▸ Recorded information
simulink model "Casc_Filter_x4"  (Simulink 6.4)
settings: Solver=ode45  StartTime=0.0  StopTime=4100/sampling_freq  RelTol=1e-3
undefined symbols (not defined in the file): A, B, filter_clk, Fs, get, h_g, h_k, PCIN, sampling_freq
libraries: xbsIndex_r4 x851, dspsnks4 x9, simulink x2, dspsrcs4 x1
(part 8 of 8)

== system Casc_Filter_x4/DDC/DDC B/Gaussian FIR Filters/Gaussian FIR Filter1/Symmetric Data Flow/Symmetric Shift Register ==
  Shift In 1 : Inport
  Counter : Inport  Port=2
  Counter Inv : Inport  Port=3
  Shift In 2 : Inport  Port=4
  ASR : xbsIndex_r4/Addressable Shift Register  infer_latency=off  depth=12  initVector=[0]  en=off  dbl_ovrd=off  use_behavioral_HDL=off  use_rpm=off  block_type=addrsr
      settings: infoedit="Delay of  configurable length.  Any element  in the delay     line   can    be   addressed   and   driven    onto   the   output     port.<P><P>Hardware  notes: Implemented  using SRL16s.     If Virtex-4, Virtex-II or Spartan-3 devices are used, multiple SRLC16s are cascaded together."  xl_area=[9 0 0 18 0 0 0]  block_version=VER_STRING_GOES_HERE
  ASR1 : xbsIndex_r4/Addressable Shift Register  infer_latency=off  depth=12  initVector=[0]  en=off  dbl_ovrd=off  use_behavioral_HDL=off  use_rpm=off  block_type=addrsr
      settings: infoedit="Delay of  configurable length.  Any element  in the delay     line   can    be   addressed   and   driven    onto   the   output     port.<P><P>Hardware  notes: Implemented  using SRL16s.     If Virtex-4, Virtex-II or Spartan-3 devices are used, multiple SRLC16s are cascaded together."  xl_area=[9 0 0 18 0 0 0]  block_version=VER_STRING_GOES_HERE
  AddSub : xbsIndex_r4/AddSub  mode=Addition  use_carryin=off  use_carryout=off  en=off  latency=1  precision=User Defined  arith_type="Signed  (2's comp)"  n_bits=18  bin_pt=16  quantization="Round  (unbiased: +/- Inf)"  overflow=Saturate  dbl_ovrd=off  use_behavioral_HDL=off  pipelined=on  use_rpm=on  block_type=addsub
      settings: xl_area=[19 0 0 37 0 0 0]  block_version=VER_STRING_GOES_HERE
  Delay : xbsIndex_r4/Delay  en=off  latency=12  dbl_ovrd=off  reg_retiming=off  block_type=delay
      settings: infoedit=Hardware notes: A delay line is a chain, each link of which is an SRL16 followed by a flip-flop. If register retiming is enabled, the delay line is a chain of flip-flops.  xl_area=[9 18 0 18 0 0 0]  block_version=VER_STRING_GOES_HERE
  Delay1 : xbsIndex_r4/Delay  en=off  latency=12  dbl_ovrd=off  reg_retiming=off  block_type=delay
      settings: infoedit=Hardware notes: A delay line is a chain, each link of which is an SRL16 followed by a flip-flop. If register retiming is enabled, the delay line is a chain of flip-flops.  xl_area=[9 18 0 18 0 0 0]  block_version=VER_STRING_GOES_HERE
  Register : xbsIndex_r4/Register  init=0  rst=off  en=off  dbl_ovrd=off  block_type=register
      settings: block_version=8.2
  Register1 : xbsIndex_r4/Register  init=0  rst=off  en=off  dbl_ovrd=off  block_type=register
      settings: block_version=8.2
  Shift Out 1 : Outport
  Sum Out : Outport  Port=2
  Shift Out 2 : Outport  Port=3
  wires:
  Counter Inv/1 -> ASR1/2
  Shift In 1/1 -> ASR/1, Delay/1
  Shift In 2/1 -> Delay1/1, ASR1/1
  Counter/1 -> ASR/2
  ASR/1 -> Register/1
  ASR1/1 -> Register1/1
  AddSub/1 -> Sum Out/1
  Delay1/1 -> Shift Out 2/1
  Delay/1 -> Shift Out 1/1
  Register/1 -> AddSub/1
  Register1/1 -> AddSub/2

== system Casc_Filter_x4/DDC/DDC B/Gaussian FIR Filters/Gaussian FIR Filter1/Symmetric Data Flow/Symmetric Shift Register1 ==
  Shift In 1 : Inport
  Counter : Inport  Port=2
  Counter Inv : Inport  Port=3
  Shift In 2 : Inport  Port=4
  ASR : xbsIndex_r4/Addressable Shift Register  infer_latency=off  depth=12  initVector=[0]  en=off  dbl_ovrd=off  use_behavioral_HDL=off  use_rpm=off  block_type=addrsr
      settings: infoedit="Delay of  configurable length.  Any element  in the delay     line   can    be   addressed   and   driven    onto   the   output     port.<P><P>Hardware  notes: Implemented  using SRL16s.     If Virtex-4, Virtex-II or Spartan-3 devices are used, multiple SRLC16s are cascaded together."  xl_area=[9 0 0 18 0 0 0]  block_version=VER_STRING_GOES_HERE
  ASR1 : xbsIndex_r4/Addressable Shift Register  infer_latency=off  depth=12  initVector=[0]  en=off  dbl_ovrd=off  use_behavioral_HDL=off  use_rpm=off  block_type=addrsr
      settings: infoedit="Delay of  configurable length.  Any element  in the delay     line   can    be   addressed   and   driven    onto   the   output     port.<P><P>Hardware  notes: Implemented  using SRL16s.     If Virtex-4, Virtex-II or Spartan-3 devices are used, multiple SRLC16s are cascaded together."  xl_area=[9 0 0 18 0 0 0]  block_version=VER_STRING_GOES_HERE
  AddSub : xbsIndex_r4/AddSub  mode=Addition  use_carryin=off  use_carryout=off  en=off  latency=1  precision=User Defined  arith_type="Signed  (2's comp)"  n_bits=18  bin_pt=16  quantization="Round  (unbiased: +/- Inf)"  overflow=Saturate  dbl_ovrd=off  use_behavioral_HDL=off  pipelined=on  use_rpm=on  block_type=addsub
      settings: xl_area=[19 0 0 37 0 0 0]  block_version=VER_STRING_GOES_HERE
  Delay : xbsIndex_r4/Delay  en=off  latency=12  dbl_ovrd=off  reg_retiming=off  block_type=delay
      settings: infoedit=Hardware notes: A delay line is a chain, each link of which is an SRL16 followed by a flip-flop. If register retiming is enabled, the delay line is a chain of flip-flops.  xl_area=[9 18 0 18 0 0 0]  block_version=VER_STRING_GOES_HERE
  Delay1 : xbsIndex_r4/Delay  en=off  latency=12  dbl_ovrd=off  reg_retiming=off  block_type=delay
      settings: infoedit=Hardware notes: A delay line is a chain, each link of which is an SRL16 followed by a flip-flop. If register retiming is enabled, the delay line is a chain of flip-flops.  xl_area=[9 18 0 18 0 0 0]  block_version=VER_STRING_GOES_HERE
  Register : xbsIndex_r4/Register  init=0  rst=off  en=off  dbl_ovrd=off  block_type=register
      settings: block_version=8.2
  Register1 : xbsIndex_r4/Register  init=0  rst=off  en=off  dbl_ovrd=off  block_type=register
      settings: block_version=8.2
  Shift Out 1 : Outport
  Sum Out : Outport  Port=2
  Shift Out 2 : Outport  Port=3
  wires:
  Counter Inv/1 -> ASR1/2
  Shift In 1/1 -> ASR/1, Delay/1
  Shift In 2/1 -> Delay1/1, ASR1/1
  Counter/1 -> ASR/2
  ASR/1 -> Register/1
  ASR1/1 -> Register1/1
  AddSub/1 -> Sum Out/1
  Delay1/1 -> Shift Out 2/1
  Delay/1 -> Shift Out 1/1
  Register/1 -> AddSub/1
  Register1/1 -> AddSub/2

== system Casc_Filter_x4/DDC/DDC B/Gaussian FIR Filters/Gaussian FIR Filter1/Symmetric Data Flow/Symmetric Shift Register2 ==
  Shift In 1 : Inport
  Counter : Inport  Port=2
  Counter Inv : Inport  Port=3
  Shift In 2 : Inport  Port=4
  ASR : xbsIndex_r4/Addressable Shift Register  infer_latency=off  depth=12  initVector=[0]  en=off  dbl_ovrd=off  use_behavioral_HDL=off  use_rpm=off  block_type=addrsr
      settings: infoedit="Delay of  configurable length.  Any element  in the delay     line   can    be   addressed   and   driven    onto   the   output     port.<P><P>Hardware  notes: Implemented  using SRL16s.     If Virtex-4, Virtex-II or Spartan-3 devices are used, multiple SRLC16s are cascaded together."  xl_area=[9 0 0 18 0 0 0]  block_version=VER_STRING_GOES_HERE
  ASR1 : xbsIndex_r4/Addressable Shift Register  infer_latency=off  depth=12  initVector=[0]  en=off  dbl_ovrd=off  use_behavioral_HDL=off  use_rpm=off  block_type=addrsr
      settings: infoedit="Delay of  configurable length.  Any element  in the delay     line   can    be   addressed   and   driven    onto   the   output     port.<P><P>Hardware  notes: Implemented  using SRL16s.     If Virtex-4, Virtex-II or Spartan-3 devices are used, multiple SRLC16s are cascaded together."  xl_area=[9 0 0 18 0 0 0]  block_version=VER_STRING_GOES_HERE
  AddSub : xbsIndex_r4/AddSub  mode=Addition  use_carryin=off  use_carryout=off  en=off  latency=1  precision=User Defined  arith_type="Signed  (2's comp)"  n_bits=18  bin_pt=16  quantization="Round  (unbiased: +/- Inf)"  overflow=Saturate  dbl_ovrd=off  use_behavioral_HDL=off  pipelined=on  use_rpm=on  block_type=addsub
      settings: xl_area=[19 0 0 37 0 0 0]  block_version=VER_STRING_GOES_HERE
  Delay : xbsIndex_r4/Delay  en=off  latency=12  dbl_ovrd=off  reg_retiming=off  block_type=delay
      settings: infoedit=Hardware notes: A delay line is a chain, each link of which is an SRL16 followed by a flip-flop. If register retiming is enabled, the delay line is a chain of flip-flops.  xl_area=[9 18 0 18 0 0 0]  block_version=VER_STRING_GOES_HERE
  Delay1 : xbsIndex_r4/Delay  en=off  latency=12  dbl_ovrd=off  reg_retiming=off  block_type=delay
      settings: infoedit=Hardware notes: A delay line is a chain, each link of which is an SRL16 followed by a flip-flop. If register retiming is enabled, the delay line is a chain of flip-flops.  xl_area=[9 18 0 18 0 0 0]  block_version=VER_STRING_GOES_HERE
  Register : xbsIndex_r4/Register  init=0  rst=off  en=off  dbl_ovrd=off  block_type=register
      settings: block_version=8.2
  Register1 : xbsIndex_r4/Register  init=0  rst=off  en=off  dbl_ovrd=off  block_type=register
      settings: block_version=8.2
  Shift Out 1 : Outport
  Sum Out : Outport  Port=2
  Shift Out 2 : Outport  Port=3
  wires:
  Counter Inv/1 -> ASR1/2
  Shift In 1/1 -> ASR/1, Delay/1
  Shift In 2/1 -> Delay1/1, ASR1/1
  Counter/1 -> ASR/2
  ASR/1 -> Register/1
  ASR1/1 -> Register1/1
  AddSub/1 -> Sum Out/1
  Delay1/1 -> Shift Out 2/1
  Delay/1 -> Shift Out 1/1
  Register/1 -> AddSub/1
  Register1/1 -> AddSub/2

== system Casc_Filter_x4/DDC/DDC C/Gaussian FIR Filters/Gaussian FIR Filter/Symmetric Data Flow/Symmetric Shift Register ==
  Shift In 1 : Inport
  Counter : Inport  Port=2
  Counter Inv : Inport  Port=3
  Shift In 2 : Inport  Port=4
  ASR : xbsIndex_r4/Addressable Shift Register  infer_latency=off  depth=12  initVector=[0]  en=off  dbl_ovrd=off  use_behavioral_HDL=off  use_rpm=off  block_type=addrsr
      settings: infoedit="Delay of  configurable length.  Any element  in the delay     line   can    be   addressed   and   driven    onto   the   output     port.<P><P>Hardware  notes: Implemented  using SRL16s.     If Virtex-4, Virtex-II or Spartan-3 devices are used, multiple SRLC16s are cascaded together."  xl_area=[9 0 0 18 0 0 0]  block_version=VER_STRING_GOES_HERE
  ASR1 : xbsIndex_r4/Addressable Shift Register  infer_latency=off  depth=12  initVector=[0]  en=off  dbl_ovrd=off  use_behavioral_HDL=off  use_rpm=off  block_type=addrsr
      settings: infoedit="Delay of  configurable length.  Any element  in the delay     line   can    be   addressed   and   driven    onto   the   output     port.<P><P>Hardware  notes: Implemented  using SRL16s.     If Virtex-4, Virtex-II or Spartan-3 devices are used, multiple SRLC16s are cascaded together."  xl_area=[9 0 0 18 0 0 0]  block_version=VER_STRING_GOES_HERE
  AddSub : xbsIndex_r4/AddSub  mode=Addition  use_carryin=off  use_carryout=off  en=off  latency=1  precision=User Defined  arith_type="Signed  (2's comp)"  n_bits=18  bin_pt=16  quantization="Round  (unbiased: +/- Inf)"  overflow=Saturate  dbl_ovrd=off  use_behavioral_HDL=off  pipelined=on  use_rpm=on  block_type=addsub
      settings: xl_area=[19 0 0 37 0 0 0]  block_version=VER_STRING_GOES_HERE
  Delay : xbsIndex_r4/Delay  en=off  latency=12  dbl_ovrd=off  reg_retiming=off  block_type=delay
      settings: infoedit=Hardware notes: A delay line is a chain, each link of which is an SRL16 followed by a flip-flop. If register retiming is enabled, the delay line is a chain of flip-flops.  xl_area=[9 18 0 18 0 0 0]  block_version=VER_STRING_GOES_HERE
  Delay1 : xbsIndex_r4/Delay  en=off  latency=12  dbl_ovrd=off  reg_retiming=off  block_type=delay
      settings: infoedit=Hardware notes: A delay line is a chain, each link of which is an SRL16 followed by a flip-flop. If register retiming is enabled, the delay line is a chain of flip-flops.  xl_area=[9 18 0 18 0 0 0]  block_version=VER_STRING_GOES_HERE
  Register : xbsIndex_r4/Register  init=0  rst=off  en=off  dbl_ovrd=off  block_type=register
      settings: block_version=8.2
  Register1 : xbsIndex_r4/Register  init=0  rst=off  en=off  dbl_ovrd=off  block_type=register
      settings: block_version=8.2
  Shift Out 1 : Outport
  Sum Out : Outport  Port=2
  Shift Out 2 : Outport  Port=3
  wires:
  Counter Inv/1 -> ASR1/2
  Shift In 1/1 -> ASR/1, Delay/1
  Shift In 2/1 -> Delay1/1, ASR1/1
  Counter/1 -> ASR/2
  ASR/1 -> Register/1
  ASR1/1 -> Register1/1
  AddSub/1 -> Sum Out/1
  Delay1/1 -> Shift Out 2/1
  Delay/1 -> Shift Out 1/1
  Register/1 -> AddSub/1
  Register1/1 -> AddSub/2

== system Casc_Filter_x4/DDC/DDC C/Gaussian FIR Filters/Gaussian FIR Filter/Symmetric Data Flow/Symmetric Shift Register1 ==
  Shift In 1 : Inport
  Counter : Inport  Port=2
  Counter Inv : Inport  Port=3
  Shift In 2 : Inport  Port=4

▸ Problem to work on
Copy every line of the data above in which the string "Symmetric" appears.

▸ Result of the task
== system Casc_Filter_x4/DDC/DDC B/Gaussian FIR Filters/Gaussian FIR Filter1/Symmetric Data Flow/Symmetric Shift Register ==
== system Casc_Filter_x4/DDC/DDC B/Gaussian FIR Filters/Gaussian FIR Filter1/Symmetric Data Flow/Symmetric Shift Register1 ==
== system Casc_Filter_x4/DDC/DDC B/Gaussian FIR Filters/Gaussian FIR Filter1/Symmetric Data Flow/Symmetric Shift Register2 ==
== system Casc_Filter_x4/DDC/DDC C/Gaussian FIR Filters/Gaussian FIR Filter/Symmetric Data Flow/Symmetric Shift Register ==
== system Casc_Filter_x4/DDC/DDC C/Gaussian FIR Filters/Gaussian FIR Filter/Symmetric Data Flow/Symmetric Shift Register1 ==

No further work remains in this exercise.